To address this, a graphical user interface (GUI) has been developed using Python to provide an accessible tool for practitioners. The interface enables users to input key LC3 mix parameters, including water-to-binder ratio, calcined clay content, kaolinite percentage, cement type, particle size, and others. For better usability and consistency with engineering practice, some feature units were converted to more commonly used forms. For example, dosages are expressed in kg/m3. Corresponding units are clearly labeled next to each input field. Upon clicking the “Predict” button, the GUI instantly returns the predicted 28-day compressive strength, estimated material cost, and embodied carbon emissions. An example of the interface is shown in Fig. 17.

Fig. 17
figure 17

GUI of LC3 mix design.

This GUI bridges the gap between advanced machine learning models and practical engineering workflows, allowing civil engineers and stakeholders to make informed decisions without requiring in-depth knowledge of data science. It also demonstrates the translational potential of ML applications in sustainable construction material design.

Conclusion

This study proposed an integrated framework combining machine learning (ML) prediction and multi-objective optimization (MOO) for LC3 concrete mix design, aiming to balance mechanical performance, cost, and environmental impact. The key findings and contributions are summarized as follows:

  • Among all tested models, MICE-XGBoost achieved the best performance with R2 = 0.928 (± 0.009), MAE = 3.996 (± 0.165) MPa, RMSE = 5.366 (± 0.208) MPa, and A20-index = 0.912 (± 0.013) on the test set.

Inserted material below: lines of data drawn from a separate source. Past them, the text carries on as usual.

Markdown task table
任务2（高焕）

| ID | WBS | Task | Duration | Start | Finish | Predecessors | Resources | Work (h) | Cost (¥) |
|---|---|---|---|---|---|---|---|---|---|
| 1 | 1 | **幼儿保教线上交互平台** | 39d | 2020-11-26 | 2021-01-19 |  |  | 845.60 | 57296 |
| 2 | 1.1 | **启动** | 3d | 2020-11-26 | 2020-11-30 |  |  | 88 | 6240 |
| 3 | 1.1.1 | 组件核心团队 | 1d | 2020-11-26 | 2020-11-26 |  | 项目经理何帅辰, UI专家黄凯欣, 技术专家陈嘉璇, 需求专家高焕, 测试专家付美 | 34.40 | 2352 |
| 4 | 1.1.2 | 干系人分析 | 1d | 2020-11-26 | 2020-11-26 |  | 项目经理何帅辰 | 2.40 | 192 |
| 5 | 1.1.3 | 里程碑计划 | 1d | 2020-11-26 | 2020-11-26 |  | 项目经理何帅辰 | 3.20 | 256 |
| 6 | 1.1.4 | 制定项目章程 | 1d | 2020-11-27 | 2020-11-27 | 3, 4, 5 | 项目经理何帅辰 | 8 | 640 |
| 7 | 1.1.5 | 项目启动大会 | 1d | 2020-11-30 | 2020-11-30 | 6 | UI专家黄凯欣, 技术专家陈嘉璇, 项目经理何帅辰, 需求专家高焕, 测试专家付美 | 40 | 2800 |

  • Key influencing factors for 28-day strength include: water-to-cementitious ratio, kaolinite content in raw clay, sand-to-binder ratio, cement type, and particle size of calcined clay.

  • High calcined clay content (> 30%) was associated with notable strength reductions, emphasizing the need for optimal proportioning.

  • The Pareto fronts revealed cost–carbon inflection points for low-to-medium grade LC3 mixes, supporting rational trade-off decisions.

  • A table of recommended mix designs was developed for practical implementation based on the optimized results.

Despite the promising results, this study acknowledges that current LC3 datasets remain limited, particularly in comparison to other low-carbon cementitious materials. Most existing research still focuses on chemical mechanisms and early-age hydration, with relatively fewer high-quality datasets addressing mechanical properties and sustainability indicators. Future efforts should focus on expanding the dataset diversity across multiple sources and conditions, which will further enhance the generalizability and long-term utility of data-driven LC3 design frameworks.